Every line below that has "units" in it should be copied.

+ + + + +

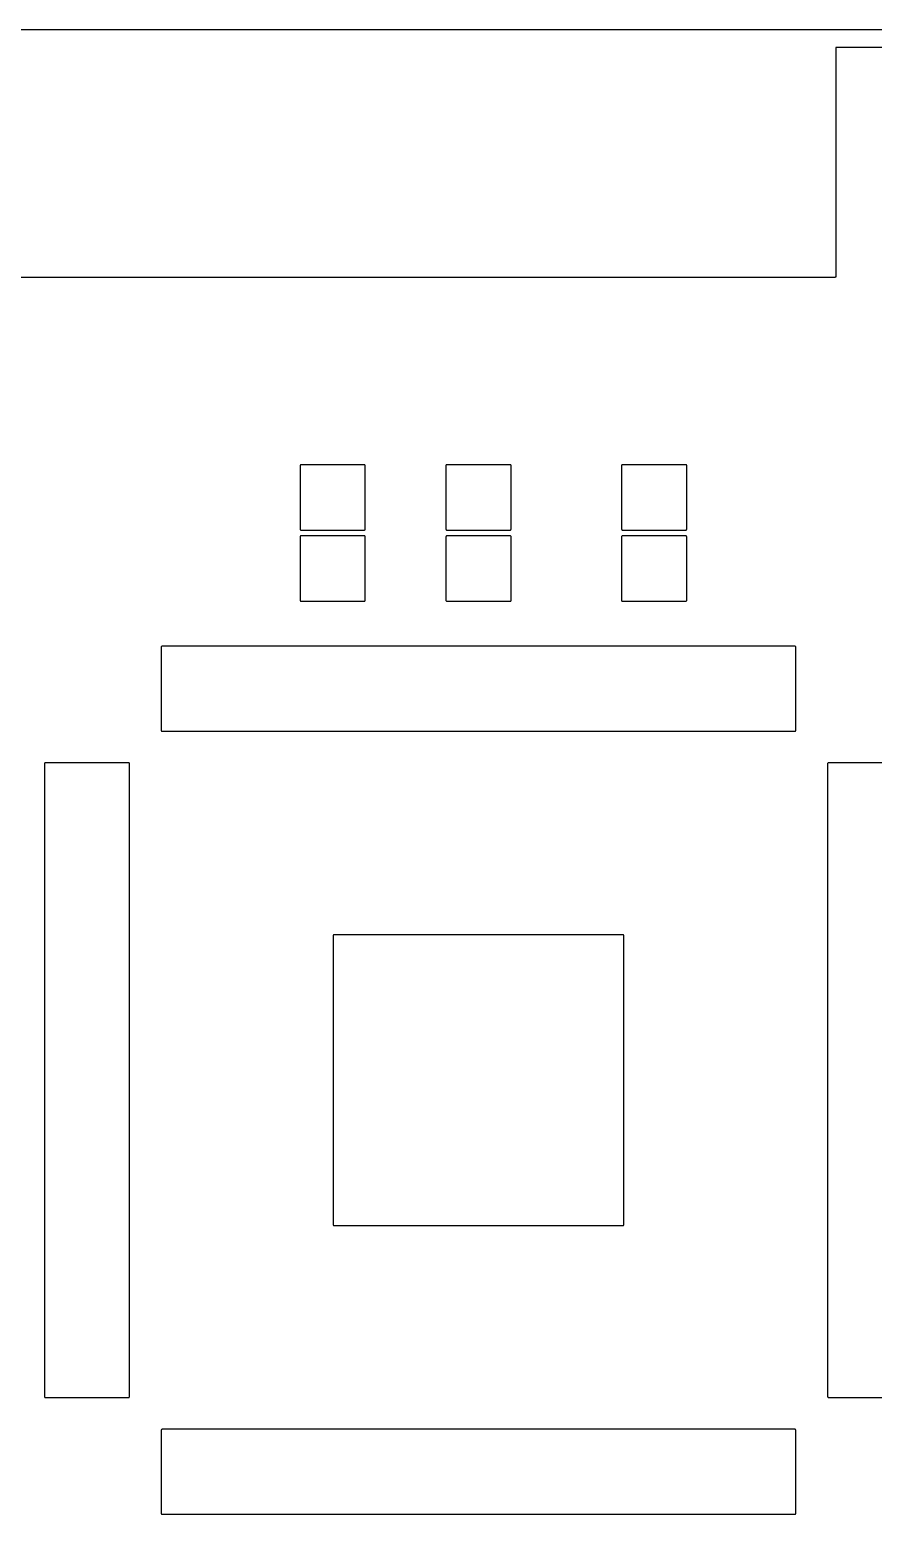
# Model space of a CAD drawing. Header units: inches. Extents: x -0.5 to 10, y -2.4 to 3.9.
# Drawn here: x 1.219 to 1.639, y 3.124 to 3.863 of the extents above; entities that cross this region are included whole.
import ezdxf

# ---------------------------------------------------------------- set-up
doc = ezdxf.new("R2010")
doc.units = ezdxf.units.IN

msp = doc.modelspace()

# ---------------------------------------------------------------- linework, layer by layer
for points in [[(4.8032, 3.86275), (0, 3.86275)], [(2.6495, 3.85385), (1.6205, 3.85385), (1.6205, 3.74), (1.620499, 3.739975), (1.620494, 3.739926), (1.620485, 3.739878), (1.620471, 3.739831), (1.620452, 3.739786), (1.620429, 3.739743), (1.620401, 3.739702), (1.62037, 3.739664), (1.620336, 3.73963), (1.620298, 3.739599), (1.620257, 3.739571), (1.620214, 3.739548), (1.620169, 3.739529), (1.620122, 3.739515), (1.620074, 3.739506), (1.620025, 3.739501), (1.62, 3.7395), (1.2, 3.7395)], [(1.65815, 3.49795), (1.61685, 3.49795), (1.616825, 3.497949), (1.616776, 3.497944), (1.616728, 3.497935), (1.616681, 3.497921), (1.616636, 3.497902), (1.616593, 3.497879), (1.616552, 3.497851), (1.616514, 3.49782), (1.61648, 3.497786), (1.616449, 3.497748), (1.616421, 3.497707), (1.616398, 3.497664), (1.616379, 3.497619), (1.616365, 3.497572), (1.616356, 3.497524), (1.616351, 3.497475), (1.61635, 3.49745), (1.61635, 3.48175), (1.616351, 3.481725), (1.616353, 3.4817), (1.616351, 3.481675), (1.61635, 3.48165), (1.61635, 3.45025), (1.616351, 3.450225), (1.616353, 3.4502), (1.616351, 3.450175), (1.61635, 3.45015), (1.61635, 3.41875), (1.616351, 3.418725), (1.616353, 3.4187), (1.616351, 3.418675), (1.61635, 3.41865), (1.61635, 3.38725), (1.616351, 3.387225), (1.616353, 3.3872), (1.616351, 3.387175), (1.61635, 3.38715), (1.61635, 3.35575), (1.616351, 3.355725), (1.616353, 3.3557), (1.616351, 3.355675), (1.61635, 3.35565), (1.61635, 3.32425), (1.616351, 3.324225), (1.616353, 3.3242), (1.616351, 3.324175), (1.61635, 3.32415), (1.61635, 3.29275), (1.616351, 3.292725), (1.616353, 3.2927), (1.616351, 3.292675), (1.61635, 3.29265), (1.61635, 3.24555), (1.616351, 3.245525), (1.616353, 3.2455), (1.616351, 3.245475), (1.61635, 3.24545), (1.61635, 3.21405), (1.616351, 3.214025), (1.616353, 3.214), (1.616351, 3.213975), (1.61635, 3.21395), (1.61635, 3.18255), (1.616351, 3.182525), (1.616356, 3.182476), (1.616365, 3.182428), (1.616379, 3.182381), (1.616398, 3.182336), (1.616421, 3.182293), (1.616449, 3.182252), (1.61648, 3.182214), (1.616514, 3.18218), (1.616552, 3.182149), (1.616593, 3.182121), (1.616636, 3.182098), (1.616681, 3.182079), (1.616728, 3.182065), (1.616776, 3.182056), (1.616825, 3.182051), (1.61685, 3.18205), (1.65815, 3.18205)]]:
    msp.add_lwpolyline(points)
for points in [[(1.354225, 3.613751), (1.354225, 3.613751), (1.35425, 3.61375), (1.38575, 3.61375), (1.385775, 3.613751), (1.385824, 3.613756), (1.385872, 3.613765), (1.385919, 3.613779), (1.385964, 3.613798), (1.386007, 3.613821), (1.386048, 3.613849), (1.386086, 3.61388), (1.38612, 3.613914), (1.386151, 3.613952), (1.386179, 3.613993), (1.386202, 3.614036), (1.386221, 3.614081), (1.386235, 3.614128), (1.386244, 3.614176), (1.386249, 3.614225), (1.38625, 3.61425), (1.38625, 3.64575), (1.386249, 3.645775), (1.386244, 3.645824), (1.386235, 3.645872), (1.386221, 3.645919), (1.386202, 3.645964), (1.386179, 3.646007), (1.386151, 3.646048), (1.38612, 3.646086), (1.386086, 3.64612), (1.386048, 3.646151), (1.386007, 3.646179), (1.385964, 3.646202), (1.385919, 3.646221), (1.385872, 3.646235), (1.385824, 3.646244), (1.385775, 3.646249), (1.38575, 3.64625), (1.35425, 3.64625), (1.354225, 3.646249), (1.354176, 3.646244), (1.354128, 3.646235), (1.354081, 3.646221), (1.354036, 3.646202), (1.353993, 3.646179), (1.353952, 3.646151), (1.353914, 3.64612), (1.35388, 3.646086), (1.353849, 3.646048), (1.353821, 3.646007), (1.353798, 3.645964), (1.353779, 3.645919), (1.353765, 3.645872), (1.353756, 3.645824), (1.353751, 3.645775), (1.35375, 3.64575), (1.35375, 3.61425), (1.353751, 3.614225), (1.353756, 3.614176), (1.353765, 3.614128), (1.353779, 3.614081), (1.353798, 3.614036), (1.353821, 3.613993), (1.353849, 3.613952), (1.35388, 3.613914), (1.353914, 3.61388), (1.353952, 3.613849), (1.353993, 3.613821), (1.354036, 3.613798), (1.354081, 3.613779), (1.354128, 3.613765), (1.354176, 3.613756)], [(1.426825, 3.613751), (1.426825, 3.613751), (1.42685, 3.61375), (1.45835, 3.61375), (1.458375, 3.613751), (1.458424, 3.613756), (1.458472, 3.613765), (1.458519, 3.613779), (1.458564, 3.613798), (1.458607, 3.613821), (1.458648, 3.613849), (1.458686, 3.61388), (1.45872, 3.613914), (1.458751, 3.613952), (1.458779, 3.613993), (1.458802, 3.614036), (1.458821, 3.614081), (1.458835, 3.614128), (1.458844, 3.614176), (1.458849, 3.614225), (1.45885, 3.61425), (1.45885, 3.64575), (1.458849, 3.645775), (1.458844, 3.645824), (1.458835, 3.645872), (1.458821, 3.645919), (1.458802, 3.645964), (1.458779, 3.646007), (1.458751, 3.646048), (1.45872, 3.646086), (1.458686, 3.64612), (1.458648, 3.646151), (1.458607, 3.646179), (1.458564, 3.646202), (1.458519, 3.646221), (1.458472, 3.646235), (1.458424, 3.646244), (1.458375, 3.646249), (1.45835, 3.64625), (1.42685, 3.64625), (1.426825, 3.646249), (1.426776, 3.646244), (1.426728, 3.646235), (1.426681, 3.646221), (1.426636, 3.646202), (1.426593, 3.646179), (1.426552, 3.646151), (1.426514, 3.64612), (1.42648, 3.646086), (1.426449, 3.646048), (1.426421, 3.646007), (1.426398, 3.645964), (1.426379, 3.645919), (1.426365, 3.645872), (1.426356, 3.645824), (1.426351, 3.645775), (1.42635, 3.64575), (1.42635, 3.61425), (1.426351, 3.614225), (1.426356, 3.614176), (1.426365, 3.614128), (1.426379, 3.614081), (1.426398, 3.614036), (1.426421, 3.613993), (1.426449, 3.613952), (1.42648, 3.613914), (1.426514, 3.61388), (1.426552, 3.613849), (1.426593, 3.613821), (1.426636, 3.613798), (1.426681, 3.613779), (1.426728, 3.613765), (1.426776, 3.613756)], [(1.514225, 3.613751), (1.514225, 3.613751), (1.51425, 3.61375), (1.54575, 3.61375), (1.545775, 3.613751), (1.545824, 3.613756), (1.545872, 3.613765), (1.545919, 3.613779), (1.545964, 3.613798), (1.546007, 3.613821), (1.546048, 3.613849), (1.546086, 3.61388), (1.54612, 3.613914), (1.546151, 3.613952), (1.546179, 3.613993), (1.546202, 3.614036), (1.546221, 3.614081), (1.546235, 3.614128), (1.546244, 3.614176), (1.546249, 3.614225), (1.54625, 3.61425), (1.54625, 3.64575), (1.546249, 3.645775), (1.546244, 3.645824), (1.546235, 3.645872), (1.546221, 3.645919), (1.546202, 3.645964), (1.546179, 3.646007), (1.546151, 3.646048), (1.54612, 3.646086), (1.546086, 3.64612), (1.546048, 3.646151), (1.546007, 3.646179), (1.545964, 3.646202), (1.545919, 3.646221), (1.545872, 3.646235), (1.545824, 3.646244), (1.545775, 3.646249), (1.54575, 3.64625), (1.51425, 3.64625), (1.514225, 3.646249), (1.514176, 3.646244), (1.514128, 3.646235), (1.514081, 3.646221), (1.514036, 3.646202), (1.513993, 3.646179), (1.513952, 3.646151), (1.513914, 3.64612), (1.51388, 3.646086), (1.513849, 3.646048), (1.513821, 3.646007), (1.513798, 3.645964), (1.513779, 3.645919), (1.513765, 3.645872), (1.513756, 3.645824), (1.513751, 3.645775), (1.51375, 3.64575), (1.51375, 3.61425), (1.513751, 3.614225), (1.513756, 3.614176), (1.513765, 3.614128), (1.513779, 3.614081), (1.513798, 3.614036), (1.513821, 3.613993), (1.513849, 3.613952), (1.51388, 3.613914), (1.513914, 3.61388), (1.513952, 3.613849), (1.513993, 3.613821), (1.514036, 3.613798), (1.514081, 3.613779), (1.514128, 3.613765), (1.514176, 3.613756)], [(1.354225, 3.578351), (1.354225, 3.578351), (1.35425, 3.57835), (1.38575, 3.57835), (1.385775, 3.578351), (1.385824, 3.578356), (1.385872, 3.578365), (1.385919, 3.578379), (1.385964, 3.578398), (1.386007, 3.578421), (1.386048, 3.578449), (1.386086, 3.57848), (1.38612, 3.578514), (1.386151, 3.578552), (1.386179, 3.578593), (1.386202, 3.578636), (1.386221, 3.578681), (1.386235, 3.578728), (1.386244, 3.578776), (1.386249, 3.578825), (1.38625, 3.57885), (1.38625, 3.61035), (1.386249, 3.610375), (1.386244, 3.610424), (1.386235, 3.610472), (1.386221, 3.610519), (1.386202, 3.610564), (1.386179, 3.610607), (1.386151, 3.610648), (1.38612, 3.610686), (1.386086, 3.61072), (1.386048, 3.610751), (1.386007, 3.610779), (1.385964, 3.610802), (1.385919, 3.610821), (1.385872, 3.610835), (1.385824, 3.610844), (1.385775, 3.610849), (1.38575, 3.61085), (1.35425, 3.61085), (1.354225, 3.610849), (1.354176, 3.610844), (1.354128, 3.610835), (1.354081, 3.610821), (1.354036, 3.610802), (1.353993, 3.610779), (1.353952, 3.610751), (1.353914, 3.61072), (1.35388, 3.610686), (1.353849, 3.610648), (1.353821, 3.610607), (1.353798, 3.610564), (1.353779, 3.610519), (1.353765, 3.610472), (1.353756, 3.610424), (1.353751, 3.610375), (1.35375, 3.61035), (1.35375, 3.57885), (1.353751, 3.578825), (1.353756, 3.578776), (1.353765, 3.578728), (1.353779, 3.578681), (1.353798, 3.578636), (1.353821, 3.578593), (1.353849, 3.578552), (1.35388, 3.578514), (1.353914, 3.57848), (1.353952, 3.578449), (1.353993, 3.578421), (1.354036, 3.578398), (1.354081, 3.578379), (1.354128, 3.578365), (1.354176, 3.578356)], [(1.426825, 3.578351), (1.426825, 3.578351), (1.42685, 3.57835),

+ + + + +

» RESULT OF THE EXERCISE
# Model space of a CAD drawing. Header units: inches. Extents: x -0.5 to 10, y -2.4 to 3.9.
doc.units = ezdxf.units.IN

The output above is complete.